Il est de ces gens qui se prétendent vos amis,
mais que vous ne voyez jamais
que lorsque vous avez besoin d’eux.
(Abel Castel, Pensées à venir)
Le raciste fonde sa haine de l’autre
sur le préjugé.
S’il le connaissait mieux,
l’autre,
il le haïrait mieux.
(Abel Castel, Pensées à venir)
L’HUMOUR
J’ai de quoi rire.
Dompteurs de mots
Faiseurs de bons mots,
immense est votre mérite :
le mot n’est pas
naturellement bon.
(Abel Castel, Pensées à venir)
Le sens interdit
Il n’y a pas de choses
avec lesquelles
on ne plaisante pas.
Seulement des gens.
« On peut rire de tout, mais pas avec tout le monde. » (P. Desproges, Tribunal des flagrants délires)

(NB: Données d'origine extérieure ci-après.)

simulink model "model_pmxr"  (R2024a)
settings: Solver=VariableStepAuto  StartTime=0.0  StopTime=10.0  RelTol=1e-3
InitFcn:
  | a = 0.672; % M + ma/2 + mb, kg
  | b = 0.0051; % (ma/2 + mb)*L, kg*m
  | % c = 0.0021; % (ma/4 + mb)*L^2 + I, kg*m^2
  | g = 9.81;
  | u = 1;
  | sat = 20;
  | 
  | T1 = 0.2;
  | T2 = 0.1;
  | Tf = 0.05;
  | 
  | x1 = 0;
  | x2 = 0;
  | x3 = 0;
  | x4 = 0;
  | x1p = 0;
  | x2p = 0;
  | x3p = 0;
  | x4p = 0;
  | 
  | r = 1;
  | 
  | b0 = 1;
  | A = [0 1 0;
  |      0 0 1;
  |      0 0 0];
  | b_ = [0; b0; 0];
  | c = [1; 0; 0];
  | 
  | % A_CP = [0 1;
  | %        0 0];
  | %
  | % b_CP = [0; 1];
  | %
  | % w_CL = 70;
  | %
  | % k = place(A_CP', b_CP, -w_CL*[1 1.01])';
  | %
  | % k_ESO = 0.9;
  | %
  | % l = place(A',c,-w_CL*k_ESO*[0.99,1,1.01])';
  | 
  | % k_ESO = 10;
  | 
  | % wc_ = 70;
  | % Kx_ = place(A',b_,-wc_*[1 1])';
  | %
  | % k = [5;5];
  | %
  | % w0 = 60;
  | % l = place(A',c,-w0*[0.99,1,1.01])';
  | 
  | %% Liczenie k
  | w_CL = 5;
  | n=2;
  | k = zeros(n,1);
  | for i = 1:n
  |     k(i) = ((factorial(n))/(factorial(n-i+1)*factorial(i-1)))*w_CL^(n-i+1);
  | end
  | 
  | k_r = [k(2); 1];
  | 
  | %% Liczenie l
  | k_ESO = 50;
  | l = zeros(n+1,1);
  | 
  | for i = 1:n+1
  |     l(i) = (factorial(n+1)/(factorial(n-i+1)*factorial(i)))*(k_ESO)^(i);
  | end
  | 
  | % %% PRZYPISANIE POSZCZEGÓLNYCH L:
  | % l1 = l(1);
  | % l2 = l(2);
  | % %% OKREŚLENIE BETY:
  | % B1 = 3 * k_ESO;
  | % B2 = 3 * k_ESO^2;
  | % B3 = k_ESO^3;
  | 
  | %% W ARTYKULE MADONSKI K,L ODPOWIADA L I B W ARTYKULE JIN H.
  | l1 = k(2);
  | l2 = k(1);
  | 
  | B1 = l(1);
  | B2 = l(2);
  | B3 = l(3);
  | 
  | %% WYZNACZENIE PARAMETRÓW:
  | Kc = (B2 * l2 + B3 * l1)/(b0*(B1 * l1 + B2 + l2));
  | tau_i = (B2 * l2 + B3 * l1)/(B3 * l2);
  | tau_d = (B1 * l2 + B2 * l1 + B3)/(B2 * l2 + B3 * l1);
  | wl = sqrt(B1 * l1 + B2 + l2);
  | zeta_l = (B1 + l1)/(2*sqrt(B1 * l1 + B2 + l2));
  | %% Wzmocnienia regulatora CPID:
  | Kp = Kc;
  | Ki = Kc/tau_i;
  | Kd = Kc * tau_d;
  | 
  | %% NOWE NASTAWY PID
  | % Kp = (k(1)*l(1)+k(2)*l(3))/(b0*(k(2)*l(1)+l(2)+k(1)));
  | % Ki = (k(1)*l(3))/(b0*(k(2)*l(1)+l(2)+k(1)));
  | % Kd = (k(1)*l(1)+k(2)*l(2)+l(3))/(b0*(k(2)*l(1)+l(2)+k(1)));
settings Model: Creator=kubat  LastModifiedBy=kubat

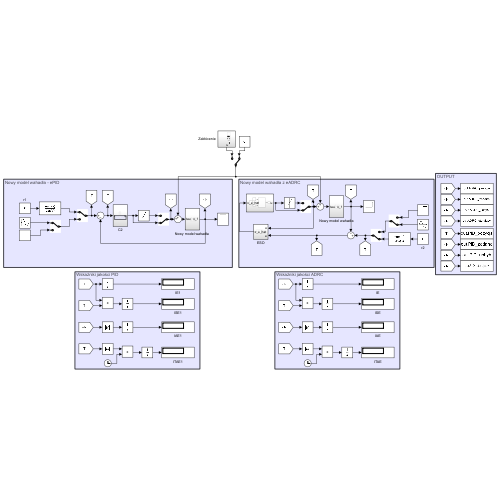
[thumbnail: Simulink's stored preview of the top-level diagram]
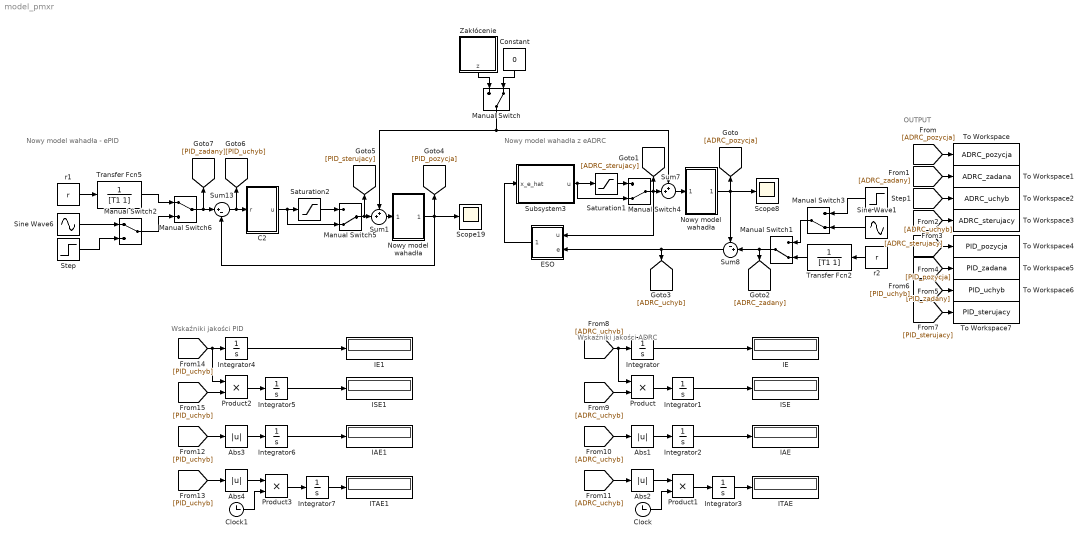
== system model_pmxr ==
  note: OUTPUT
  note: Nowy model wahadła - ePID
  note: Nowy model wahadła z eADRC
  note: Wskaźniki jakości ADRC
  note: Wskaźniki jakości PID
  Abs{1..4} (4 alike) : Abs  SaturateOnIntegerOverflow=off
  C2 : Subsystem
  Clock : Clock
  Clock1 : Clock
  Constant : Constant  Value=0
  ESO : Subsystem
  IAE : Display
  IAE1 : Display
  IE : Display
  IE1 : Display
  ISE : Display
  ISE1 : Display
  ITAE : Display
  ITAE1 : Display
  Integrator{,1..7} (8 alike) : Integrator
  Manual Switch{,1,3..5} (5 alike) : ManualSwitch  CurrentSetting=0
  Manual Switch2 : ManualSwitch
  Manual Switch6 : ManualSwitch
  Nowy model wahadła : Subsystem
  "Nowy model wahadła " : Subsystem
  Product{,1..3} (4 alike) : Product
  Saturation1 : Saturate  UpperLimit=sat  LowerLimit=-sat
  Saturation2 : Saturate  UpperLimit=sat  LowerLimit=-sat
  Scope19 : Scope
  Scope8 : Scope
  Sine Wave1 : Sin  Amplitude=u  SampleTime=0
  Sine Wave6 : Sin  Amplitude=u  SampleTime=0
  Step : Step  After=r  SampleTime=0
  Step1 : Step  After=r  SampleTime=0
  Subsystem3 : Subsystem
  Sum1 : Sum  Inputs=++|
  Sum13 : Sum  Inputs=|+-
  Sum7 : Sum  Inputs=++|
  Sum8 : Sum  Inputs=-+|
  To Workspace : ToWorkspace  VariableName=ADRC_pozycja  SaveFormat=Timeseries  SampleTime=-1
  To Workspace1 : ToWorkspace  VariableName=ADRC_zadana  SaveFormat=Timeseries  SampleTime=-1
  To Workspace2 : ToWorkspace  VariableName=ADRC_uchyb  SaveFormat=Timeseries  SampleTime=-1
  To Workspace3 : ToWorkspace  VariableName=ADRC_sterujacy  SaveFormat=Timeseries  SampleTime=-1
  To Workspace4 : ToWorkspace  VariableName=PID_pozycja  SaveFormat=Timeseries  SampleTime=-1
  To Workspace5 : ToWorkspace  VariableName=PID_zadana  SaveFormat=Timeseries  SampleTime=-1
  To Workspace6 : ToWorkspace  VariableName=PID_uchyb  SaveFormat=Timeseries  SampleTime=-1
  To Workspace7 : ToWorkspace  VariableName=PID_sterujacy  SaveFormat=Timeseries  SampleTime=-1
  Transfer Fcn2 : TransferFcn  Denominator=[T1 1]
  Transfer Fcn5 : TransferFcn  Denominator=[T1 1]
  Zakłócenie : Subsystem
  r1 : Constant  Value=r
  r2 : Constant  Value=r
  wires:
  r2/1 -> Transfer Fcn2/1
  Nowy model wahadła/1(x_1) -> [ADRC_pozycja], Sum8/1, Scope8/1
  r1/1 -> Transfer Fcn5/1
  Transfer Fcn5/1 -> Manual Switch6/1
  Manual Switch6/1 -> [PID_zadany], Sum13/1
  Sum8/1 -> [ADRC_uchyb], ESO/2(e)
  Transfer Fcn2/1 -> Manual Switch1/2
  Manual Switch1/1 -> [ADRC_zadany], Sum8/2
  ESO/1(x_e_hat) -> Subsystem3/1(x_e_hat)
  Manual Switch/1 -> Sum7/1, Sum1/1
  Sum13/1 -> [PID_uchyb], C2/1(r)
  [ADRC_pozycja] -> To Workspace/1
  [ADRC_zadany] -> To Workspace1/1
  [ADRC_uchyb] -> To Workspace2/1
  [ADRC_sterujacy] -> To Workspace3/1
  [PID_sterujacy] -> To Workspace7/1
  [PID_zadany] -> To Workspace5/1
  [PID_pozycja] -> To Workspace4/1
  [PID_uchyb] -> To Workspace6/1
  Constant/1 -> Manual Switch/2
  Zakłócenie/1(z) -> Manual Switch/1
  Clock/1 -> Product1/2
  Integrator3/1 -> ITAE/1
  Abs1/1 -> Integrator2/1
  Integrator2/1 -> IAE/1
  [ADRC_uchyb] -> Abs2/1
  Abs2/1 -> Product1/1
  [ADRC_uchyb] -> Abs1/1
  Integrator/1 -> IE/1
  Product1/1 -> Integrator3/1
  [ADRC_uchyb] -> Product/1, Integrator/1
  Product/1 -> Integrator1/1
  Integrator1/1 -> ISE/1
  [ADRC_uchyb] -> Product/2
  Manual Switch2/1 -> Manual Switch6/2
  Sine Wave6/1 -> Manual Switch2/1
  Step/1 -> Manual Switch2/2
  Sine Wave1/1 -> Manual Switch3/2
  Manual Switch3/1 -> Manual Switch1/1
  Step1/1 -> Manual Switch3/1
  [PID_uchyb] -> Abs4/1
  Abs4/1 -> Product3/1
  [PID_uchyb] -> Abs3/1
  [PID_uchyb] -> Product2/1, Integrator4/1
  Product2/1 -> Integrator5/1
  Clock1/1 -> Product3/2
  Integrator6/1 -> IAE1/1
  Abs3/1 -> Integrator6/1
  Integrator7/1 -> ITAE1/1
  Product3/1 -> Integrator7/1
  [PID_uchyb] -> Product2/2
  Integrator5/1 -> ISE1/1
  Integrator4/1 -> IE1/1
  Sum7/1 -> Nowy model wahadła/1(tau)
  Subsystem3/1(u) -> Manual Switch4/2, Saturation1/1
  Saturation1/1 -> Manual Switch4/1
  Manual Switch4/1 -> ESO/1(u), [ADRC_sterujacy], Sum7/2
  Sum1/1 -> "Nowy model wahadła "/1(tau)
  C2/1(u) -> Manual Switch5/2, Saturation2/1
  Saturation2/1 -> Manual Switch5/1
  Manual Switch5/1 -> [PID_sterujacy], Sum1/2
  "Nowy model wahadła "/1(x_1) -> Scope19/1, Sum13/2, [PID_pozycja]

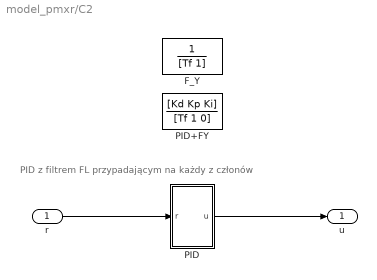
== system model_pmxr/C2 ==
  note: PID z filtrem FL przypadającym na każdy z członów
  r : Inport
  F_Y : TransferFcn  Denominator=[Tf 1]
  PID : Subsystem
  PID+FY : TransferFcn  Numerator=[Kd Kp Ki]  Denominator=[Tf 1 0]
  u : Outport
  wires:
  r/1 -> PID/1(r)
  PID/1(u) -> u/1

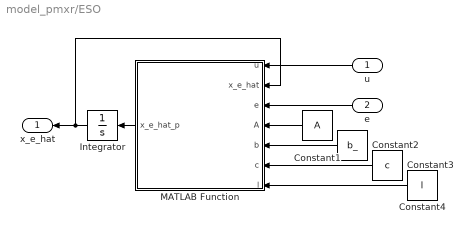
== system model_pmxr/ESO ==
  u : Inport
  e : Inport  Port=2
  Constant1 : Constant  Value=A
  Constant2 : Constant  Value=b_
  Constant3 : Constant  Value=c
  Constant4 : Constant  Value=l
  Integrator : Integrator
  MATLAB Function : MATLAB Function  TreatAsAtomicUnit=on
  x_e_hat : Outport
  wires:
  Constant3/1 -> MATLAB Function/6(c)
  Integrator/1 -> x_e_hat/1, MATLAB Function/2(x_e_hat)
  MATLAB Function/1(x_e_hat_p) -> Integrator/1
  Constant2/1 -> MATLAB Function/5(b)
  e/1 -> MATLAB Function/3(e)
  Constant1/1 -> MATLAB Function/4(A)
  Constant4/1 -> MATLAB Function/7(l)
  u/1 -> MATLAB Function/1(u)

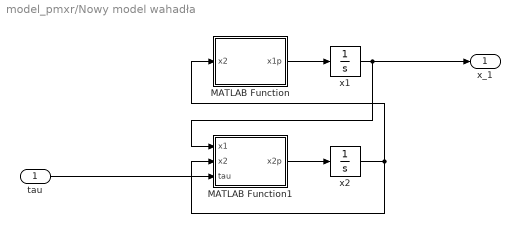
== system model_pmxr/Nowy model wahadła ==
  tau : Inport
  MATLAB Function : MATLAB Function  TreatAsAtomicUnit=on
  MATLAB Function1 : MATLAB Function  TreatAsAtomicUnit=on
  x1 : Integrator
  x2 : Integrator
  x_1 : Outport
  wires:
  x2/1 -> MATLAB Function1/2(x2), MATLAB Function/1(x2)
  x1/1 -> x_1/1, MATLAB Function1/1(x1)
  MATLAB Function/1(x1p) -> x1/1
  tau/1 -> MATLAB Function1/3(tau)
  MATLAB Function1/1(x2p) -> x2/1

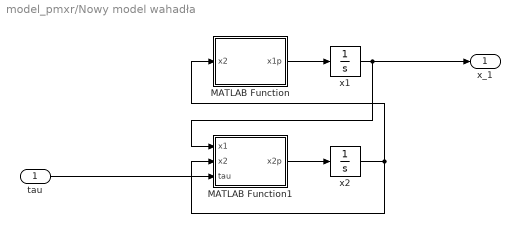
== system model_pmxr/Nowy model wahadła  ==
  tau : Inport
  MATLAB Function : MATLAB Function  TreatAsAtomicUnit=on
  MATLAB Function1 : MATLAB Function  TreatAsAtomicUnit=on
  x1 : Integrator
  x2 : Integrator
  x_1 : Outport
  wires:
  x2/1 -> MATLAB Function1/2(x2), MATLAB Function/1(x2)
  x1/1 -> x_1/1, MATLAB Function1/1(x1)
  MATLAB Function/1(x1p) -> x1/1
  tau/1 -> MATLAB Function1/3(tau)
  MATLAB Function1/1(x2p) -> x2/1

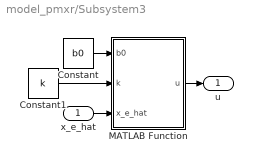
== system model_pmxr/Subsystem3 ==
  x_e_hat : Inport
  Constant : Constant  Value=b0
  Constant1 : Constant  Value=k
  MATLAB Function : MATLAB Function  TreatAsAtomicUnit=on
  u : Outport
  wires:
  Constant/1 -> MATLAB Function/1(b0)
  Constant1/1 -> MATLAB Function/2(k)
  x_e_hat/1 -> MATLAB Function/3(x_e_hat)
  MATLAB Function/1(u) -> u/1

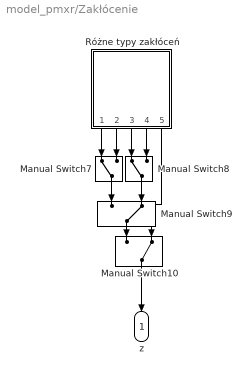
== system model_pmxr/Zakłócenie ==
  Manual Switch10 : ManualSwitch  CurrentSetting=0
  Manual Switch7 : ManualSwitch
  Manual Switch8 : ManualSwitch
  Manual Switch9 : ManualSwitch  CurrentSetting=0
  Różne typy zakłóceń : Subsystem
  z : Outport
  wires:
  Manual Switch10/1 -> z/1
  Manual Switch9/1 -> Manual Switch10/1
  Różne typy zakłóceń/2(Const.2) -> Manual Switch7/2
  Różne typy zakłóceń/5(PWM) -> Manual Switch10/2
  Różne typy zakłóceń/4(nSin.) -> Manual Switch8/2
  Różne typy zakłóceń/1(Const.1) -> Manual Switch7/1
  Manual Switch8/1 -> Manual Switch9/2
  Manual Switch7/1 -> Manual Switch9/1
  Różne typy zakłóceń/3(Sin.1) -> Manual Switch8/1

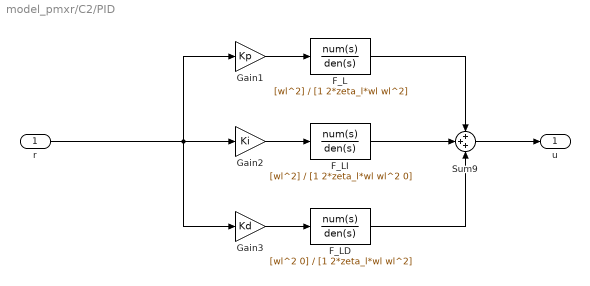
== system model_pmxr/C2/PID ==
  r : Inport
  F_L : TransferFcn  Numerator=[wl^2]  Denominator=[1 2*zeta_l*wl wl^2]
  F_LD : TransferFcn  Numerator=[wl^2 0]  Denominator=[1 2*zeta_l*wl wl^2]
  F_LI : TransferFcn  Numerator=[wl^2]  Denominator=[1 2*zeta_l*wl wl^2 0]
  Gain1 : Gain  Gain=Kp
  Gain2 : Gain  Gain=Ki
  Gain3 : Gain  Gain=Kd
  Sum9 : Sum  Inputs=+++
  u : Outport
  wires:
  Gain1/1 -> F_L/1
  r/1 -> Gain3/1, Gain2/1, Gain1/1
  Sum9/1 -> u/1
  F_L/1 -> Sum9/1
  Gain2/1 -> F_LI/1
  F_LI/1 -> Sum9/2
  Gain3/1 -> F_LD/1
  F_LD/1 -> Sum9/3

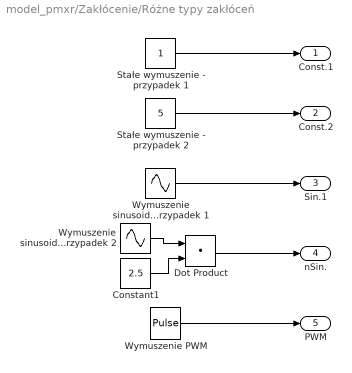
== system model_pmxr/Zakłócenie/Różne typy zakłóceń ==
  Constant1 : Constant  Value=2.5
  Dot Product : DotProduct  OutDataTypeStr=Inherit: Inherit via internal rule
  Stałe wymuszenie - przypadek 1 : Constant
  Stałe wymuszenie - przypadek 2 : Constant  Value=5
  "Wymuszenie PWM " : DiscretePulseGenerator  PulseType=Time based  Period=10  PulseWidth=5
  Wymuszenie sinusoidalne - przypadek 1 : Sin  Amplitude=u  SampleTime=0
  Wymuszenie sinusoidalne - przypadek 2 : Sin  Amplitude=u  SampleTime=0
  Const.1 : Outport
  Const.2 : Outport  Port=2
  Sin.1 : Outport  Port=3
  nSin. : Outport  Port=4
  PWM : Outport  Port=5
  wires:
  Wymuszenie sinusoidalne - przypadek 2/1 -> Dot Product/1
  Constant1/1 -> Dot Product/2
  Stałe wymuszenie - przypadek 1/1 -> Const.1/1
  Wymuszenie sinusoidalne - przypadek 1/1 -> Sin.1/1
  "Wymuszenie PWM "/1 -> PWM/1
  Stałe wymuszenie - przypadek 2/1 -> Const.2/1
  Dot Product/1 -> nSin./1

== matlab function model_pmxr/ESO/MATLAB Function ==
  data: u input; x_e_hat_p output; x_e_hat input; e input; A input; b input; c input; l input
function x_e_hat_p = fcn(u, x_e_hat, e, A, b, c, l)
c = c.';
pom1 = c*x_e_hat;
pom2 = e - pom1;

x_e_hat_p1 = A*x_e_hat-b*u+l*pom2;
x_e_hat_p = x_e_hat_p1(:,1);

== matlab function model_pmxr/Subsystem3/MATLAB Function ==
  data: b0 input; u output; k input; x_e_hat input
function u = fcn(b0, k, x_e_hat)

k = k';
kpom = [k, 1];
b0_1 = 1/b0;
u = b0_1*(kpom*x_e_hat);

== matlab function model_pmxr/Nowy model wahadła/MATLAB Function ==
  data: x2 input; x1p output
function x1p = fcn(x2)

x1p = x2;

== matlab function model_pmxr/Nowy model wahadła/MATLAB Function1 ==
  data: x1 input; x2p output; x2 input; tau input
function x2p = fcn(x1,x2,tau)
%%%PARAMETRY Z ŁAPY JAK COŚ%%%
m = 0.672;
l = 0.5;
g = 9.81;
J = 0.0021;
mi = 0.023;
b = 0.0051;
x2p = 1/(m*l^2+J) * (tau - b*x2 - mi*sign(x2) - l*m*g*cos(x1));

== matlab function model_pmxr/Nowy model wahadła /MATLAB Function ==
  data: x2 input; x1p output
function x1p = fcn(x2)

x1p = x2;

== matlab function model_pmxr/Nowy model wahadła /MATLAB Function1 ==
  data: x1 input; x2p output; x2 input; tau input
function x2p = fcn(x1,x2,tau)
%%%PARAMETRY Z ŁAPY JAK COŚ%%%
m = 0.672;
l = 0.5;
g = 9.81;
J = 0.0021;
mi = 0.023;
b = 0.0051;
x2p = 1/(m*l^2+J) * (tau - b*x2 - mi*sign(x2) - l*m*g*cos(x1));

L’humour est enfant de bohème
Il n’a jamais, jamais connu de loi…
(Abel Castel, Pensées à venir)
Le rire : un réflexe.
Le sourire : une réflexion.
« Le sourire de l’âme, préférable au rire de la bouche. » (Voltaire, l’Écossaise, Préface).
Le sourire n’est pas un sous-rire.
(Abel Castel, Pensées à venir)
Le sourire est de rigueur…
On l’aimerait mieux
d’indulgence.
L’humour,
elle ne le goûtait pas,
elle ne le sentait pas non plus,
ni ne l’entendait,
elle ne pouvait pas le voir.
Elle n’avait aucun sens
de l’humour.
« Stand-up »
Mon humour, pour vivre,
je l’aurais bien mis sur le trottoir,
je l’aurais montré à tous les passants,
je l’aurais monnayé
– comme les autres …
Mais on m’a dit :
« Ne vous donnez pas
cette peine :
vous êtes impayable ! »
Mon pauvre Humour !
Réduit en esclavage
par des marchands de plaisir,
exhibé
comme une bête de cirque,
jeté en pâture
à la foule déchaînée…
la Risée de tous !
L’humour est une chose trop sérieuse
pour être confiée à des amuseurs.
(Abel Castel, Humorosité)
Je ne suis pas d’humour
à plaisanter.
LE SAVOIR
« Un homme cultivé ressemble à une boîte à musique. Il a deux ou trois petites chansons dans le ventre. » (Alain, Propos, Gallimard)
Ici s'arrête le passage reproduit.